:: Data for processing ::
================================

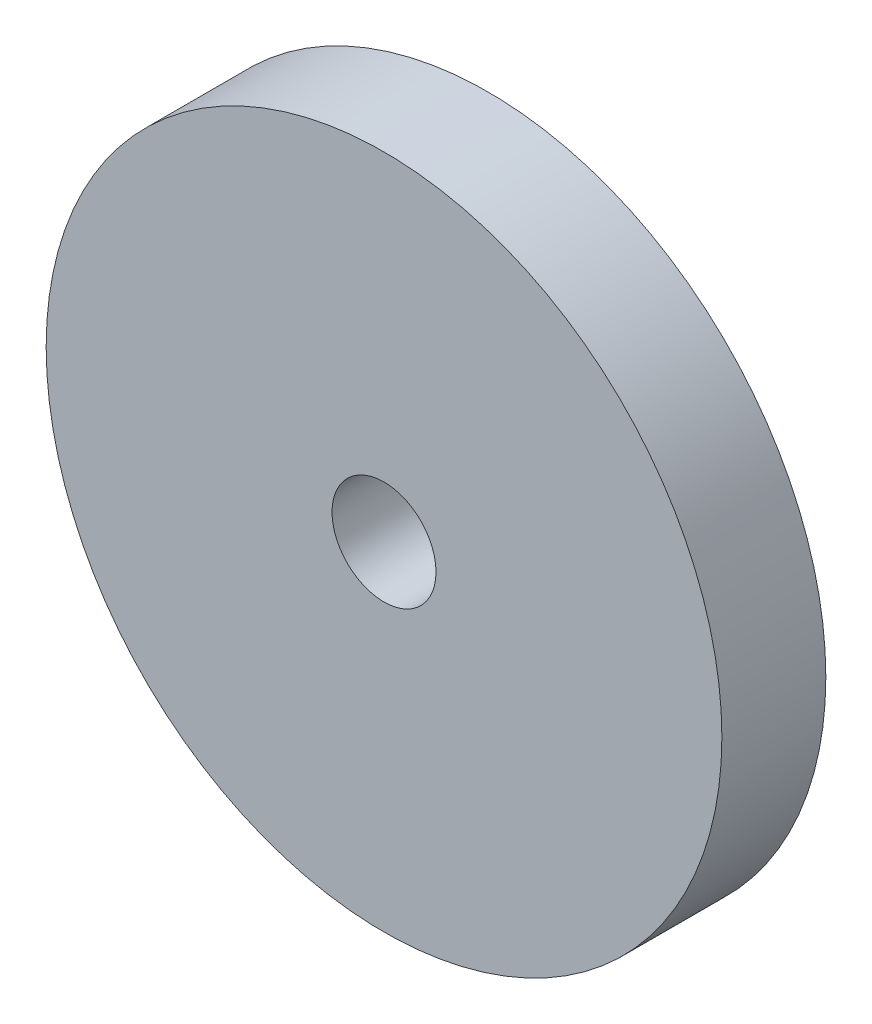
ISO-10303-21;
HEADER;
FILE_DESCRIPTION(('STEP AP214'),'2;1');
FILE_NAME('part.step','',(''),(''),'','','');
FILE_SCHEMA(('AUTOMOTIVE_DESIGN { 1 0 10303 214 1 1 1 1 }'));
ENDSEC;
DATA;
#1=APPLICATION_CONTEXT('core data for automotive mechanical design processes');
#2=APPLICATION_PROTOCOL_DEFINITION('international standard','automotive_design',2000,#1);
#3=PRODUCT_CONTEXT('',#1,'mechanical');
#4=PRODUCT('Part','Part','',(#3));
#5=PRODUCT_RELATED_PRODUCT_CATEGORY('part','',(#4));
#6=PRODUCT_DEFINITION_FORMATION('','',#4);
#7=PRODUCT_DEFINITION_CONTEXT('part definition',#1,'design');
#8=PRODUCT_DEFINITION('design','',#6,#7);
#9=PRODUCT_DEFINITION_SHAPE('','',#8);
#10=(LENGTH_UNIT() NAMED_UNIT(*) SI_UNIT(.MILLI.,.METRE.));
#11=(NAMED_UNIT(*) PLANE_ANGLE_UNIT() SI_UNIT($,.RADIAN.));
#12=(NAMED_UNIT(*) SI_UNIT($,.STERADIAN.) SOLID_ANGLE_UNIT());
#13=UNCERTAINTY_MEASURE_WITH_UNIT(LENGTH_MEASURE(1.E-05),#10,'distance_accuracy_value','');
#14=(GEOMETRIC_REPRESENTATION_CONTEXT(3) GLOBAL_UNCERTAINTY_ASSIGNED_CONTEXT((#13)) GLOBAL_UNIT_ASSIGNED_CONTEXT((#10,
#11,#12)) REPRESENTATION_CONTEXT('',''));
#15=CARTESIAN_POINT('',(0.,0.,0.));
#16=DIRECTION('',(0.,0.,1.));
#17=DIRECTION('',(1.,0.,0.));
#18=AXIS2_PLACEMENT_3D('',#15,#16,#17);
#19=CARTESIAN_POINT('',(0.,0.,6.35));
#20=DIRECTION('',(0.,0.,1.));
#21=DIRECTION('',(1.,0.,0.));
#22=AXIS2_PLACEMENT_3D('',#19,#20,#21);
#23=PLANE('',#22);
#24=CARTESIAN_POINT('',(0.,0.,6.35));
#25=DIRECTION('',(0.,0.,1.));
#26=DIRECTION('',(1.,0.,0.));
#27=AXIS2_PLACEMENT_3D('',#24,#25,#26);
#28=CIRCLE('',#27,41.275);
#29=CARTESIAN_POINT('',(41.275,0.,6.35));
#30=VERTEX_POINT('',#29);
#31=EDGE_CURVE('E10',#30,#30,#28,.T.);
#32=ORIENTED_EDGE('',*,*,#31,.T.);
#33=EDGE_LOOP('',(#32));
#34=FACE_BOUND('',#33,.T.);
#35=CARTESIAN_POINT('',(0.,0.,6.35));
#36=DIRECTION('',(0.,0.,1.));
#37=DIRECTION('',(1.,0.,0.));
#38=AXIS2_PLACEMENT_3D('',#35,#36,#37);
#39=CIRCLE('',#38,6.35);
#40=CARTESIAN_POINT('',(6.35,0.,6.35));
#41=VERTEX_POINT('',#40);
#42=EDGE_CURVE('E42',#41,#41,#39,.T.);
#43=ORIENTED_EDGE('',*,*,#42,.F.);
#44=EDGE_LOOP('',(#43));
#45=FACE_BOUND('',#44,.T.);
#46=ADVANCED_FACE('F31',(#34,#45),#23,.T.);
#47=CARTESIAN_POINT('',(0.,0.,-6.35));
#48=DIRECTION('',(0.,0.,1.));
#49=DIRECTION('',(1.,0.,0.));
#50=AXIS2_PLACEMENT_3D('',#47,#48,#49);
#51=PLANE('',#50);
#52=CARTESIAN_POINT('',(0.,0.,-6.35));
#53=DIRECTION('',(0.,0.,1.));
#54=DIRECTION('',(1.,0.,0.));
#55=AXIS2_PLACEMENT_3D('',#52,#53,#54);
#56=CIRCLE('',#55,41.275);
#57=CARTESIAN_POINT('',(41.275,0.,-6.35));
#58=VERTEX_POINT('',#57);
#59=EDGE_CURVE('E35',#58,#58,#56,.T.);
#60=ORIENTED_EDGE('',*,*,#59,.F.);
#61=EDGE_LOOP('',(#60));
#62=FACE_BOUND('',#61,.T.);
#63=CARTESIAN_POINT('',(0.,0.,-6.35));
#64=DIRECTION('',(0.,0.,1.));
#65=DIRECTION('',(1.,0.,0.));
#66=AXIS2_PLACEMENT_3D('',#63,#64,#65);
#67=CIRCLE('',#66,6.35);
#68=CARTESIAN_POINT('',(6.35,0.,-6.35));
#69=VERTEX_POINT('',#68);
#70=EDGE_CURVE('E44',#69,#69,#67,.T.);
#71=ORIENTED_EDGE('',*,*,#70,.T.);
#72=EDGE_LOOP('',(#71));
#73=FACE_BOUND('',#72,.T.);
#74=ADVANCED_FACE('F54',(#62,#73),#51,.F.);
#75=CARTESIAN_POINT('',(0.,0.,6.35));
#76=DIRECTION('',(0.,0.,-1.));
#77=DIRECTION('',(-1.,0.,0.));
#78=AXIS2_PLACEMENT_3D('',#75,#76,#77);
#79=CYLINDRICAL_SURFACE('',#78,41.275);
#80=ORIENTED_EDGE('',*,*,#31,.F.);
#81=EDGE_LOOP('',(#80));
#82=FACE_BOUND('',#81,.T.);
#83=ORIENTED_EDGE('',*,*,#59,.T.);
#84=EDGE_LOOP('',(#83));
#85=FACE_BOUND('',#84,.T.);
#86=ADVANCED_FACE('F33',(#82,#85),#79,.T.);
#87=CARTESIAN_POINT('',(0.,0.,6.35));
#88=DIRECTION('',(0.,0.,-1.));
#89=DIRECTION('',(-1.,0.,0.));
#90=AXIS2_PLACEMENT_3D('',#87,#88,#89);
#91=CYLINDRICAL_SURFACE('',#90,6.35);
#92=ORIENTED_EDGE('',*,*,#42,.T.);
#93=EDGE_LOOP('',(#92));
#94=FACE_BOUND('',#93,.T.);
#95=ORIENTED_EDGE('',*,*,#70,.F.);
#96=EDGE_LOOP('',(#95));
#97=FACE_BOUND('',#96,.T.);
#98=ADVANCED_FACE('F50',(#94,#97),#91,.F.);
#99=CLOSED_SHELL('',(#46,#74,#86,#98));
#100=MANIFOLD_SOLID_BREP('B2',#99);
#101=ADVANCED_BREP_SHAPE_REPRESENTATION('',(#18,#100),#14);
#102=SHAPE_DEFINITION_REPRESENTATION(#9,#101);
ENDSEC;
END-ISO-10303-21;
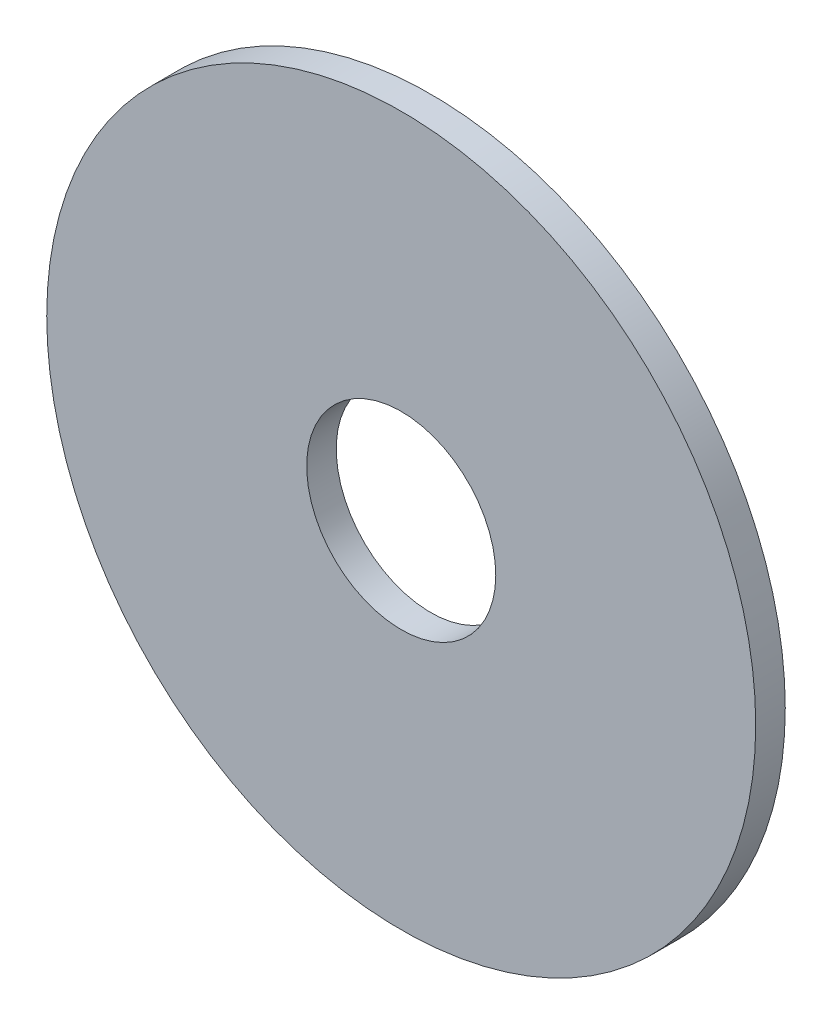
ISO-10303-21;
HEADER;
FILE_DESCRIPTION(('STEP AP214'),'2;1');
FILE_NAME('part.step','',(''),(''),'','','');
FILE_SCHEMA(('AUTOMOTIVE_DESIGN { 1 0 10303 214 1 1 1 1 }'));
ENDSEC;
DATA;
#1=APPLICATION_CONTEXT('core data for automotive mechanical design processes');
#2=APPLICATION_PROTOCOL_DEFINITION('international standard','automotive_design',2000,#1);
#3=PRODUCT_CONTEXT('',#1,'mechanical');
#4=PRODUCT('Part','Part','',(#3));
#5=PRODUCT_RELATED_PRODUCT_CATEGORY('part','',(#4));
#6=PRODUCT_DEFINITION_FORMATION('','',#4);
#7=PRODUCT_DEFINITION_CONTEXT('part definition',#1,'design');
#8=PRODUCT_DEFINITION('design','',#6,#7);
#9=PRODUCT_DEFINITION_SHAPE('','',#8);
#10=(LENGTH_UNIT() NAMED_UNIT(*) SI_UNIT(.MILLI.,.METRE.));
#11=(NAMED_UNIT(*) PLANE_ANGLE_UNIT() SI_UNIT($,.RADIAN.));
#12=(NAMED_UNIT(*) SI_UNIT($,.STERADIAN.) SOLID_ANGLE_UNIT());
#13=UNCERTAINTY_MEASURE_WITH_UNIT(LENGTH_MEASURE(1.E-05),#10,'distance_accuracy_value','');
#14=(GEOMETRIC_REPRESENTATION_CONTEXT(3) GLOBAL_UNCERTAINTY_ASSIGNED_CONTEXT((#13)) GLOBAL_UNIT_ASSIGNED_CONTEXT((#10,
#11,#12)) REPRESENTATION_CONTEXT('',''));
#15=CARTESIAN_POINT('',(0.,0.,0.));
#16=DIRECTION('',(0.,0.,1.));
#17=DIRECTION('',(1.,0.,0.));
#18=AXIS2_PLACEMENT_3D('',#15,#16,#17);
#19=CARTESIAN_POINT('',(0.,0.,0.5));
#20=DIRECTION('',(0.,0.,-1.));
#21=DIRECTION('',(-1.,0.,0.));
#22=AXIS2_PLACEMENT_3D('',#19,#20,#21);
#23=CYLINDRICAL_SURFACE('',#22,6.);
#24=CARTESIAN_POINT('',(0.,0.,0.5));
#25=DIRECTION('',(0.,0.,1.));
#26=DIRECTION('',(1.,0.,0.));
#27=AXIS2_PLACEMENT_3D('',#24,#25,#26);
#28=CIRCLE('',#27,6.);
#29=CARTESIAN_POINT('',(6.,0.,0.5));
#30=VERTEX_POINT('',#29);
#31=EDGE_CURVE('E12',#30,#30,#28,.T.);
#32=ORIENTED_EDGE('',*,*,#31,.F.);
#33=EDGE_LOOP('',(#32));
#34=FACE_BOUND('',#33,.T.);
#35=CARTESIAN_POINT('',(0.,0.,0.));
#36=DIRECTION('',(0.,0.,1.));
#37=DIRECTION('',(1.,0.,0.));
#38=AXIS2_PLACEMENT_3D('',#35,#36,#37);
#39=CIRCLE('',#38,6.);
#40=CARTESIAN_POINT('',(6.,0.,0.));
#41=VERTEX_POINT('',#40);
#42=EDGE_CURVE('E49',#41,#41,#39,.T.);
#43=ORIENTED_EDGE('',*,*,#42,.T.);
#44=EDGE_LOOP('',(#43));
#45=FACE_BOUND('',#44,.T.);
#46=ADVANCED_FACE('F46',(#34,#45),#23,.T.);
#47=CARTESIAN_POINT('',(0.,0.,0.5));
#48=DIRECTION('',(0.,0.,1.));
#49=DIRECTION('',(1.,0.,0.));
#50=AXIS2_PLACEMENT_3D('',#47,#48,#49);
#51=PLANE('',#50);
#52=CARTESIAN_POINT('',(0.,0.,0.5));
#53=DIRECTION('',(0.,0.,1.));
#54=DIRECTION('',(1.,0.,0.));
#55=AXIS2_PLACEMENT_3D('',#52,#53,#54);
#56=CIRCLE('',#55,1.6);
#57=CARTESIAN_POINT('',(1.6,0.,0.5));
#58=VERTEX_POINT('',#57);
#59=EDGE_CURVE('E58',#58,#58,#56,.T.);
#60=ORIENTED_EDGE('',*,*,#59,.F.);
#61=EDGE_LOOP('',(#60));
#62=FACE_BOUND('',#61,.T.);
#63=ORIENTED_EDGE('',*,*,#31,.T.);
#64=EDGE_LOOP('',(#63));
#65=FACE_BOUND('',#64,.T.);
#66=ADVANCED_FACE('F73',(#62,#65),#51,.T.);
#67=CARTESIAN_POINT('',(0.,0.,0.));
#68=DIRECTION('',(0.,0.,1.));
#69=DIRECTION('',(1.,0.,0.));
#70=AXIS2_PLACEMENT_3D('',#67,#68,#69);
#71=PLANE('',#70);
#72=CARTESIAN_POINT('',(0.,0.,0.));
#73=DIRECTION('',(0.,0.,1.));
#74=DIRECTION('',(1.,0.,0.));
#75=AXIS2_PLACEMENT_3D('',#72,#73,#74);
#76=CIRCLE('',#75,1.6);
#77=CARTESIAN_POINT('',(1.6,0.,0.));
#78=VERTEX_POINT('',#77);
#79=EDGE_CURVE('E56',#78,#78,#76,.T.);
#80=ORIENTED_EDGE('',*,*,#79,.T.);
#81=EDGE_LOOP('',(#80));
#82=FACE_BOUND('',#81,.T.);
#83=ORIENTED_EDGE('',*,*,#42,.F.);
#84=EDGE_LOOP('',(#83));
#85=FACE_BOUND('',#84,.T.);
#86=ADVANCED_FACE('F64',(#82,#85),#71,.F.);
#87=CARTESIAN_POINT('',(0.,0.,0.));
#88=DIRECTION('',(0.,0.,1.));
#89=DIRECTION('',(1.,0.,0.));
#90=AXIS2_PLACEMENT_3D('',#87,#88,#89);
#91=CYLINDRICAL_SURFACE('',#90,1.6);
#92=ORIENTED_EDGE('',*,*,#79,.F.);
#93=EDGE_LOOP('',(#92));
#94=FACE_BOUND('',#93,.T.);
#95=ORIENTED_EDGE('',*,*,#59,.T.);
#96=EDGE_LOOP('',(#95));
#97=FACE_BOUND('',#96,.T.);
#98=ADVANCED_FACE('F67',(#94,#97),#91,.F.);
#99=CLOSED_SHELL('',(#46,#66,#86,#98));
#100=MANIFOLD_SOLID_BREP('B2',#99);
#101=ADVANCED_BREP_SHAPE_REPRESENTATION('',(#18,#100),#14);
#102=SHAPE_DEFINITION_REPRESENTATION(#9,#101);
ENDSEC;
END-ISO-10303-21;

================================

:: Directions ::
Exactly the lines from the one containing "#98=ADVANCED_FACE('F67',(#94,#97),#91,.F.);" through the end of the records above should be returned, with both ends kept.

:: Exercise response ::
#98=ADVANCED_FACE('F67',(#94,#97),#91,.F.);
#99=CLOSED_SHELL('',(#46,#66,#86,#98));
#100=MANIFOLD_SOLID_BREP('B2',#99);
#101=ADVANCED_BREP_SHAPE_REPRESENTATION('',(#18,#100),#14);
#102=SHAPE_DEFINITION_REPRESENTATION(#9,#101);
ENDSEC;
END-ISO-10303-21;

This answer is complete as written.